Oh yes, you are right. What I am saying is that you can't draw clear lines around these things. At some point, you know a person has a major problem that isn't just going to get better. But it's not a distinct entity, and even things that look similar may well have very different underlying causes.

Anonymous said...

Big Pharma.

Right now about 50% or so of USA citizens are diagnosed with some psych. diagnosis, or are undiagnosed (officially, mostly because they don’t have heath insurance) but family and others apply categories like those in the DSM. A husband is a sociopath, a girl friend is a narcissist, a mother ‘has bi-polar’ and so on. They need treatment! Their brain chemicals and / or their ‘nasty characters’ or ‘deviant personalities‘ or ‘sociopathic tendencies’ require immediate action. > Medication, forcible therapy, etc. Not to mention ‘addicts’, alcohol, heroin, or just marijuana. And so it goes, new reasons to demean, punish, send to the medicos who make their living off it, imprison, reject, etc.

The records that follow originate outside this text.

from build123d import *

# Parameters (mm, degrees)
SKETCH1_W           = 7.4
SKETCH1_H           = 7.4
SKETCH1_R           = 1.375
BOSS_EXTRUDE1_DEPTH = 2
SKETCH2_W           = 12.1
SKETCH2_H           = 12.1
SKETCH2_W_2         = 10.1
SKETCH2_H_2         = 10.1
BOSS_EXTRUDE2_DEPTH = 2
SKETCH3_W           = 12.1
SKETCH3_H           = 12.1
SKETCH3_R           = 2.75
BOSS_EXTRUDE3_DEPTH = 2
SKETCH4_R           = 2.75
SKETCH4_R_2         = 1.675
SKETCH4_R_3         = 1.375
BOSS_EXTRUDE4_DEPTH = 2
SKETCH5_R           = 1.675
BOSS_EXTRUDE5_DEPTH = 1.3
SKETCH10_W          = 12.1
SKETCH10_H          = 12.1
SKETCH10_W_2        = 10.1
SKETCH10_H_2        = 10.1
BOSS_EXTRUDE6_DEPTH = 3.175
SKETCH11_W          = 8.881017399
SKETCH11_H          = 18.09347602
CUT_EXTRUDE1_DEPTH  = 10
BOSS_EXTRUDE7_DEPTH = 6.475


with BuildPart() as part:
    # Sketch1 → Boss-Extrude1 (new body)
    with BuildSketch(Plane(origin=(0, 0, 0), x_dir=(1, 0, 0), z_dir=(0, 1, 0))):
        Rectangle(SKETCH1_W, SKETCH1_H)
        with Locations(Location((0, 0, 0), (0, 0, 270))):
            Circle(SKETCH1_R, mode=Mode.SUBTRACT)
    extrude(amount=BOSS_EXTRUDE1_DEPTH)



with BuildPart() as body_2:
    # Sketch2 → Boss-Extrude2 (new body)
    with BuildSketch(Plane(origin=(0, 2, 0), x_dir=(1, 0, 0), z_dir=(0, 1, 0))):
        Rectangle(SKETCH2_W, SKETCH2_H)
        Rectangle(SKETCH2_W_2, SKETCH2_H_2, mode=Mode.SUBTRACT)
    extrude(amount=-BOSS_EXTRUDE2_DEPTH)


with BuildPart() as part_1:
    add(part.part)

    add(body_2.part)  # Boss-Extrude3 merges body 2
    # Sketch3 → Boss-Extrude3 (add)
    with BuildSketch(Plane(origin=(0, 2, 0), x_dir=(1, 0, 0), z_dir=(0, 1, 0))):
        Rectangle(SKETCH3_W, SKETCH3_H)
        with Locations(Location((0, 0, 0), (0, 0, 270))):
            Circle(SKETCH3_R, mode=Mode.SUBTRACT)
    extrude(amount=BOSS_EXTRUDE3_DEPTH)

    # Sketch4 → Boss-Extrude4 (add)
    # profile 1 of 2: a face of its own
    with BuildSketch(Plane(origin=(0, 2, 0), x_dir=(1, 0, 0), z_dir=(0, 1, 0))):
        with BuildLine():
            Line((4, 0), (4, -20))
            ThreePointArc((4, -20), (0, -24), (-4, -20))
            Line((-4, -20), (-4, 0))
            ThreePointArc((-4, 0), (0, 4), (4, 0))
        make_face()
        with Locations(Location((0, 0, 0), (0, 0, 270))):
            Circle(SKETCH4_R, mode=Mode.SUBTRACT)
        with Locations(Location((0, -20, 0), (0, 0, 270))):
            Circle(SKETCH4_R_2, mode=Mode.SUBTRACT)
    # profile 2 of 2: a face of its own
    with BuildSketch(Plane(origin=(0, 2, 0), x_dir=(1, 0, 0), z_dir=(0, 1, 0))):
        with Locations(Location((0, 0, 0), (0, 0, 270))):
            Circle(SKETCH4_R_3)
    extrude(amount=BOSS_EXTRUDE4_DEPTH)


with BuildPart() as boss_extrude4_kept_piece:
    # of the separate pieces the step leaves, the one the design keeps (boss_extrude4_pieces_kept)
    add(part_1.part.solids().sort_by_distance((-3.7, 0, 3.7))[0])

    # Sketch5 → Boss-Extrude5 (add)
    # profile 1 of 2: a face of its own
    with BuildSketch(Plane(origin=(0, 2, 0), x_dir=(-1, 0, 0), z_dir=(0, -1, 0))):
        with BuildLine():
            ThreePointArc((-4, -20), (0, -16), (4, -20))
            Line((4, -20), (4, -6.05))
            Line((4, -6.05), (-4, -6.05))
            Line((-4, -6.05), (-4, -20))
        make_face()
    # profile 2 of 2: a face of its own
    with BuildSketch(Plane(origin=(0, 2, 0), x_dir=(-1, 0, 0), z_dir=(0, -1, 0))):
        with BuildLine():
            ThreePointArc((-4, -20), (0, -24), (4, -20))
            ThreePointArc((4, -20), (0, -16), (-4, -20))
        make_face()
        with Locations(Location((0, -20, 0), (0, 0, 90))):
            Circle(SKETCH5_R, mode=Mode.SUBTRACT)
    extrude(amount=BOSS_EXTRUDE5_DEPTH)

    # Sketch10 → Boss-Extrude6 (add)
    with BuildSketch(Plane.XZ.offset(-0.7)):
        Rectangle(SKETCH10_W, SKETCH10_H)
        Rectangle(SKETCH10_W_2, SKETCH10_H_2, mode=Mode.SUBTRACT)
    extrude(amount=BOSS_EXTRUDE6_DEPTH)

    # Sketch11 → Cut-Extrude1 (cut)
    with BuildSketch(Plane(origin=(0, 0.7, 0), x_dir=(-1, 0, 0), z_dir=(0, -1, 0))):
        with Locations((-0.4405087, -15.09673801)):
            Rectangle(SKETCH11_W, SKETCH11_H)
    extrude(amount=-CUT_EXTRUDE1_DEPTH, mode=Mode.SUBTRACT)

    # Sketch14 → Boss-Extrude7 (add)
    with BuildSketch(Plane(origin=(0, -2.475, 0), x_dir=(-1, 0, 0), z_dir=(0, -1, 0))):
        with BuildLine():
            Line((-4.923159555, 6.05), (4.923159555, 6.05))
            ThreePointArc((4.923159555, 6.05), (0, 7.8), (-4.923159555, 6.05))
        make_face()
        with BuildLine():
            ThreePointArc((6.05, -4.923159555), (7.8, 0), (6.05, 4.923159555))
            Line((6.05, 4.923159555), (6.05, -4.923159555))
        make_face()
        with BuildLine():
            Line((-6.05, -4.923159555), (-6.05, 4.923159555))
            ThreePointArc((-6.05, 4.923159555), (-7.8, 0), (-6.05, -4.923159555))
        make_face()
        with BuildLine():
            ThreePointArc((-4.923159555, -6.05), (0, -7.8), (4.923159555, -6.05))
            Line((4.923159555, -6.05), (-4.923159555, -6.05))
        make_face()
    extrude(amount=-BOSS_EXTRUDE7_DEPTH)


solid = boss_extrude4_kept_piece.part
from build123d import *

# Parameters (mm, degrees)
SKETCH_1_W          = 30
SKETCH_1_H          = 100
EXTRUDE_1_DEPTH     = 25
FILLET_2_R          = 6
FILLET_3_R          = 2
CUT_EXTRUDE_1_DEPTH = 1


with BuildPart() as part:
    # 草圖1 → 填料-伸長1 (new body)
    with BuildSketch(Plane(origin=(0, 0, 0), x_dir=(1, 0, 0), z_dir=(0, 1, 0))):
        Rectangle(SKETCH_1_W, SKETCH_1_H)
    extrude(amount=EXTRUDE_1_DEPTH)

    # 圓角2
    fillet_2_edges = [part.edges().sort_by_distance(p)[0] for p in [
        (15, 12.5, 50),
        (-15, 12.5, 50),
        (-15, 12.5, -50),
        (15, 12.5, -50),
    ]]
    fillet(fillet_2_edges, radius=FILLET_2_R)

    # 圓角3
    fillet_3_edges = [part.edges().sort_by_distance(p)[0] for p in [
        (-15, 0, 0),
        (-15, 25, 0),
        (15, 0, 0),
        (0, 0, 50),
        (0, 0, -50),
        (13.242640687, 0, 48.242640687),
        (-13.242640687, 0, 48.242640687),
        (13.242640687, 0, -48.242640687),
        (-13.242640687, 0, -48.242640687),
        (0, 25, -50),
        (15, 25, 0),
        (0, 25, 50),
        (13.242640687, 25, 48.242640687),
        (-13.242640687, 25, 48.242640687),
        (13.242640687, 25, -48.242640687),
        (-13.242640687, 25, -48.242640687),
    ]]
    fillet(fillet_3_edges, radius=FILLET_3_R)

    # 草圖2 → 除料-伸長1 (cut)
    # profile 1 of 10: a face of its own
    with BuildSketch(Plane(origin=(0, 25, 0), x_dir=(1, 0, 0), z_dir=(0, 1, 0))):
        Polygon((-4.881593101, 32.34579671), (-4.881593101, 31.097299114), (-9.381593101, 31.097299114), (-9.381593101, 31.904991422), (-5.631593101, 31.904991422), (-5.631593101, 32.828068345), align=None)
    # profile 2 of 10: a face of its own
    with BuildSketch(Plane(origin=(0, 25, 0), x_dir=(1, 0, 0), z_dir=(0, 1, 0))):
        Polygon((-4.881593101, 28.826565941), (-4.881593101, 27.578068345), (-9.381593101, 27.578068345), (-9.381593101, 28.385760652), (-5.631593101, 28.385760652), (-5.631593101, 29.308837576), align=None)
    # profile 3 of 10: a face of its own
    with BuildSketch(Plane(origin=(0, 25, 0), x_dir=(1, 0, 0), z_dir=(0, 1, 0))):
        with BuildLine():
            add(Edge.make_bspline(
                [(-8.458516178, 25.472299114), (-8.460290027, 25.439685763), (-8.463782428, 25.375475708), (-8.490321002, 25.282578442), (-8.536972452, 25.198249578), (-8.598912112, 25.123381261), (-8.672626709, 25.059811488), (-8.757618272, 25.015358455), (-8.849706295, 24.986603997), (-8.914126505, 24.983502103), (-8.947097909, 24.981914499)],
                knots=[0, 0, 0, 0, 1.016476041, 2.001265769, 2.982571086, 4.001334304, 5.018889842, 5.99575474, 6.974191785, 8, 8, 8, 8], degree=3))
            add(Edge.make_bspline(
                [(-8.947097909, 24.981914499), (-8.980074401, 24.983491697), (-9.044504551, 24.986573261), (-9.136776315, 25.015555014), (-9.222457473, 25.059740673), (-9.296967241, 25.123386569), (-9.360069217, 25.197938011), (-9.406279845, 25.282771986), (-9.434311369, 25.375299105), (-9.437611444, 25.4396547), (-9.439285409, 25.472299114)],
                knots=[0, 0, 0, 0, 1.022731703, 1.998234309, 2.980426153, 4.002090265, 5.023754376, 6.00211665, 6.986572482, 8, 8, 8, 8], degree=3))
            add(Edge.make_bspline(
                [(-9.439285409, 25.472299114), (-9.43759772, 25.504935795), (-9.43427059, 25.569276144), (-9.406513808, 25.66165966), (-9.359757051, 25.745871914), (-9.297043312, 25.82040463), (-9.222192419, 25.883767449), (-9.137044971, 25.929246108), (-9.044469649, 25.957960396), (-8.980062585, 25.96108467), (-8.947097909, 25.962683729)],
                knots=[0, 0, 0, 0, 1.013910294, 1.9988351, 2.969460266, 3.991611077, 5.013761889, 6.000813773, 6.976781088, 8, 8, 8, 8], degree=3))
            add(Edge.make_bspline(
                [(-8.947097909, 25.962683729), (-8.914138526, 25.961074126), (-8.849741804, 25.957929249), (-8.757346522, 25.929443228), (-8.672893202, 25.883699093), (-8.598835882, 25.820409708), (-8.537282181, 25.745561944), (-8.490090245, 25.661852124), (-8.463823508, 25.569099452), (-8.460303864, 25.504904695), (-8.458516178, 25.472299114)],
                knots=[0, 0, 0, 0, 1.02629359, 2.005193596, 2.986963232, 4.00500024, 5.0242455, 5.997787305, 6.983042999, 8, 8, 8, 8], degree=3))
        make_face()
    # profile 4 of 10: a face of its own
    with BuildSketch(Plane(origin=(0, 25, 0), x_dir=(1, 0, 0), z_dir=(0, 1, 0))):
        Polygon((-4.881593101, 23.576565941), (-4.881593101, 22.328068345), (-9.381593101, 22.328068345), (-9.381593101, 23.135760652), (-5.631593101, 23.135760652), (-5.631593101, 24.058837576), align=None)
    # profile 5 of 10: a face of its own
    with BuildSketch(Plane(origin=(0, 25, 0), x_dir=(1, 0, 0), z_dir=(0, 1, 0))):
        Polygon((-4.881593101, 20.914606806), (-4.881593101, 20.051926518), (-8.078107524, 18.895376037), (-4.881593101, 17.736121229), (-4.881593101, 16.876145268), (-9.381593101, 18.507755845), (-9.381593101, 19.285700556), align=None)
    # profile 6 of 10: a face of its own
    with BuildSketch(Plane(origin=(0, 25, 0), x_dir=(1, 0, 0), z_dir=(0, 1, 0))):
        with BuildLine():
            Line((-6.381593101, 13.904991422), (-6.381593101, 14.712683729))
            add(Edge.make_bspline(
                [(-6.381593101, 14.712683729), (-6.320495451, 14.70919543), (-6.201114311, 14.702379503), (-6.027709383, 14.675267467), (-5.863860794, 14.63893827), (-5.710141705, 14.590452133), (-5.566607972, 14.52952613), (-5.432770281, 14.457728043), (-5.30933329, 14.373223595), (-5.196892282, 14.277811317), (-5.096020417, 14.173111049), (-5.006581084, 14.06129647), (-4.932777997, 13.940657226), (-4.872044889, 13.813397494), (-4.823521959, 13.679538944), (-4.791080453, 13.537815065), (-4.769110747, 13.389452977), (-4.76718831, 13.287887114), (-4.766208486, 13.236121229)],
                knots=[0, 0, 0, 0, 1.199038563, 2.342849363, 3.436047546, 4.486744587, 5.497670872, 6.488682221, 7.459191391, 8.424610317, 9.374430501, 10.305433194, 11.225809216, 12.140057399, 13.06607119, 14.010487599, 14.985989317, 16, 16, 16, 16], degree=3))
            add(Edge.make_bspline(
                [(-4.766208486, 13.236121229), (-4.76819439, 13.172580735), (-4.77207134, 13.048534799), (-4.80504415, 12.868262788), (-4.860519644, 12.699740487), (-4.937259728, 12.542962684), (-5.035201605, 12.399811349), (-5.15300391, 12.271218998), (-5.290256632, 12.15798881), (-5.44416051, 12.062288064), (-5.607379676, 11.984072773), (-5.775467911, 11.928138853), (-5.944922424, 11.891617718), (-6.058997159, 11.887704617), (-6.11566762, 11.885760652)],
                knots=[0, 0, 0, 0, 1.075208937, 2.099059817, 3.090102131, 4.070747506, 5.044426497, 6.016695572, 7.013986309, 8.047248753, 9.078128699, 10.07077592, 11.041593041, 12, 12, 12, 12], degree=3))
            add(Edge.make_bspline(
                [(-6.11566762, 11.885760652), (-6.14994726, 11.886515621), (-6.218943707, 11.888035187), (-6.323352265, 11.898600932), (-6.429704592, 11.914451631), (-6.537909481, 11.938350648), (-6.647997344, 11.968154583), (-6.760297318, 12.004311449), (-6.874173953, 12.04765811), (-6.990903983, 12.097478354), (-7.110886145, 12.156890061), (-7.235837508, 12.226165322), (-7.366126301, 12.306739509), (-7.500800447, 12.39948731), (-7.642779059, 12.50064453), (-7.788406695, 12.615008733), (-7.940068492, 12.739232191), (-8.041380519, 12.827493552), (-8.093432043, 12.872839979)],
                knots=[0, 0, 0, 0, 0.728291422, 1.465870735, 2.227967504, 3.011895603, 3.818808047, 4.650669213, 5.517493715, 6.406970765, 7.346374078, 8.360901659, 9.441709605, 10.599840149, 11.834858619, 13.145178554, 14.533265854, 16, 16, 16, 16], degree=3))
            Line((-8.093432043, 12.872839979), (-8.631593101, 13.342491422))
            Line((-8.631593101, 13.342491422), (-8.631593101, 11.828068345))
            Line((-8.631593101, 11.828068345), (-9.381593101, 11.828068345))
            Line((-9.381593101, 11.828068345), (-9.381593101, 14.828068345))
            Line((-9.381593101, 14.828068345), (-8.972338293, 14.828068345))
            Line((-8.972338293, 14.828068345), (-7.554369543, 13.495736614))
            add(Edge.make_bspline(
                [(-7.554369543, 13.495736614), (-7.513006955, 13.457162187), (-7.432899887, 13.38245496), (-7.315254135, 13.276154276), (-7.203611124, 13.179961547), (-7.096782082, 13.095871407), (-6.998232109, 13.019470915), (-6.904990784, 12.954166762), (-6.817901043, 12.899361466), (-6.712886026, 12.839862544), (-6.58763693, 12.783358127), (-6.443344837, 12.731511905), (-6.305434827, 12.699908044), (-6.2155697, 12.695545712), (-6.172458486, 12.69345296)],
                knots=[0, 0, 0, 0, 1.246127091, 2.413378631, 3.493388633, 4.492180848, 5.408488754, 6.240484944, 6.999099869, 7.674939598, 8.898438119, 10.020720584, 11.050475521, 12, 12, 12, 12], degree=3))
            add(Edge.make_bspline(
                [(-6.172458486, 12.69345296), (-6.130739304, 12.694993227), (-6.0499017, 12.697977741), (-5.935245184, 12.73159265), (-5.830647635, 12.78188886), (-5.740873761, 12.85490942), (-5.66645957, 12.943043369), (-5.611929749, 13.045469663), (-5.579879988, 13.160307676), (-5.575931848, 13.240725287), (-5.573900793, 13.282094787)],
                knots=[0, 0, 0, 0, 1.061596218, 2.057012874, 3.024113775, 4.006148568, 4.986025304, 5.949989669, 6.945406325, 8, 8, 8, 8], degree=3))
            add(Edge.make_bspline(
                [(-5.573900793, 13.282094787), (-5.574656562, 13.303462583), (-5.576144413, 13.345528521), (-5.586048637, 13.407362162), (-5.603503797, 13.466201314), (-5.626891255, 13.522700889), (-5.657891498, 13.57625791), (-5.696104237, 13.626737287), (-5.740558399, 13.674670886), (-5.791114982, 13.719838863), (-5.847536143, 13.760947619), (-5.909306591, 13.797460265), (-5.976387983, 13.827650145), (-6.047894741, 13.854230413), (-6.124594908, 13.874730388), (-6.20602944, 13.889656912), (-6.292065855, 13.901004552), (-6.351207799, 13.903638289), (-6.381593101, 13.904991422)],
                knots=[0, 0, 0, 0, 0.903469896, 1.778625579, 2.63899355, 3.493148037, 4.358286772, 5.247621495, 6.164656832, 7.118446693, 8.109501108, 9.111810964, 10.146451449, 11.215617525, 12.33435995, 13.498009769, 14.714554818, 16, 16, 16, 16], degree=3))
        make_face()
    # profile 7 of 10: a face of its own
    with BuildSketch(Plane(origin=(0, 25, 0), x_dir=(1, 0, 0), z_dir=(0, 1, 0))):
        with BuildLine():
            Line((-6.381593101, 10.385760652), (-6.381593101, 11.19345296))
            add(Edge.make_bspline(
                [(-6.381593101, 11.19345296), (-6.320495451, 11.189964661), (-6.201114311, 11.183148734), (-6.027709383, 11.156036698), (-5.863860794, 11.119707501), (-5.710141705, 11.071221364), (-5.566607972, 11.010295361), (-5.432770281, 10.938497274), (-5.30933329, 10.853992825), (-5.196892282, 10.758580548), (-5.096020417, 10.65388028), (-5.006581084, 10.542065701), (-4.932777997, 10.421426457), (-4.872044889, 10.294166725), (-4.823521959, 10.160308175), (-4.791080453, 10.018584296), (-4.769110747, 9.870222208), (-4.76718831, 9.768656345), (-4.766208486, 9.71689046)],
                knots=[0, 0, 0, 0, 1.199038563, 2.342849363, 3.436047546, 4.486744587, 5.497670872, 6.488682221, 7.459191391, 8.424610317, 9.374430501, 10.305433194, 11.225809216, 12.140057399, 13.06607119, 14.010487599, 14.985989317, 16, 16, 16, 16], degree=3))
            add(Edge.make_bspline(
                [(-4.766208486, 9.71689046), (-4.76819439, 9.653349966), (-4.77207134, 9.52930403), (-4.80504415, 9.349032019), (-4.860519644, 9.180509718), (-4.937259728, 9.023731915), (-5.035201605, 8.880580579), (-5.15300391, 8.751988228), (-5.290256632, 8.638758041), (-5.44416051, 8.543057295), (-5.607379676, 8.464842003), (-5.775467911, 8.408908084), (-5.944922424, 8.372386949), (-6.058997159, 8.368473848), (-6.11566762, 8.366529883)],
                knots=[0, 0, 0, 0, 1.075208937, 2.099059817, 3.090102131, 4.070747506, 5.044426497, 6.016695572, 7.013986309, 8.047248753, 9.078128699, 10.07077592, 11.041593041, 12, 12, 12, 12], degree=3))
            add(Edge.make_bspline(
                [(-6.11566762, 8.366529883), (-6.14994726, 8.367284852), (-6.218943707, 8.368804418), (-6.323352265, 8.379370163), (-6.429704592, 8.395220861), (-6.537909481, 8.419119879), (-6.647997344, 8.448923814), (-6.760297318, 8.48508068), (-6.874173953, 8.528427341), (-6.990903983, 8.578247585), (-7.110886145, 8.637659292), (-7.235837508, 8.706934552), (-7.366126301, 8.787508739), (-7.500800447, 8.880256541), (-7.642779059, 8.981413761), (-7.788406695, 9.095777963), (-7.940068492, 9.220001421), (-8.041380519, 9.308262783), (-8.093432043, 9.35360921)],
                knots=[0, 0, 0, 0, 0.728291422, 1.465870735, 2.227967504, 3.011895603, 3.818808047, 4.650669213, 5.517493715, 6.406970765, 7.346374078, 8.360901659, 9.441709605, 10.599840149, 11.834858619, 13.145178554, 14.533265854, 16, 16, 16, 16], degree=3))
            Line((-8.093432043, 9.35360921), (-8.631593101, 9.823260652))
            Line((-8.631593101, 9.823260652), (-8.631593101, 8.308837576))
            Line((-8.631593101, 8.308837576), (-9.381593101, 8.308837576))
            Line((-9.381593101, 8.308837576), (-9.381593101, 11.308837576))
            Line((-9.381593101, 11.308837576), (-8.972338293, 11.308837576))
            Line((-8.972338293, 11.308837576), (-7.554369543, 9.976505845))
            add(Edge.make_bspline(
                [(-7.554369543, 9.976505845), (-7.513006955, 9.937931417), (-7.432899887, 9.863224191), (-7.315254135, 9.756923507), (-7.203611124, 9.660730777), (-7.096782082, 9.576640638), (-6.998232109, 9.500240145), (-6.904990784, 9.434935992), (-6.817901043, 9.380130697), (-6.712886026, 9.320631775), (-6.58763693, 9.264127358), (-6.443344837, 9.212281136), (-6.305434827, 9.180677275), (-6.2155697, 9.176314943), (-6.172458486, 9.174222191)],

DSM like categories (which I don’t agree with as for one reason they mask serious psychiatric illness) are always a reflection of society in a way.

The example of homosexuality needn’t be mentioned. Now pedophiles are the subject of with hunts...

Attention deficit disorder is a newbie on the scene, and simply reflects the fact that many children and young people cannot perform properly in militaristic / controlling type educational environments, not to mention family, because, in their eyes, and this is crucial, nothing in that scenario makes sense, and is in fact contradictory to other messages (follow your dream, develop your talents, or as Apple said recently, break the rules..!) as they see they are being controlled for the sake of control and not for knowledge or performance, even if that is drill and skill which might be disagreeable in some ways.

So they tune out and become either lazy or aggressive or mix the two, lost in a contradictory landscape. Ritalin!, almost always with parent agreement or downright forcible pill prescription. Not good.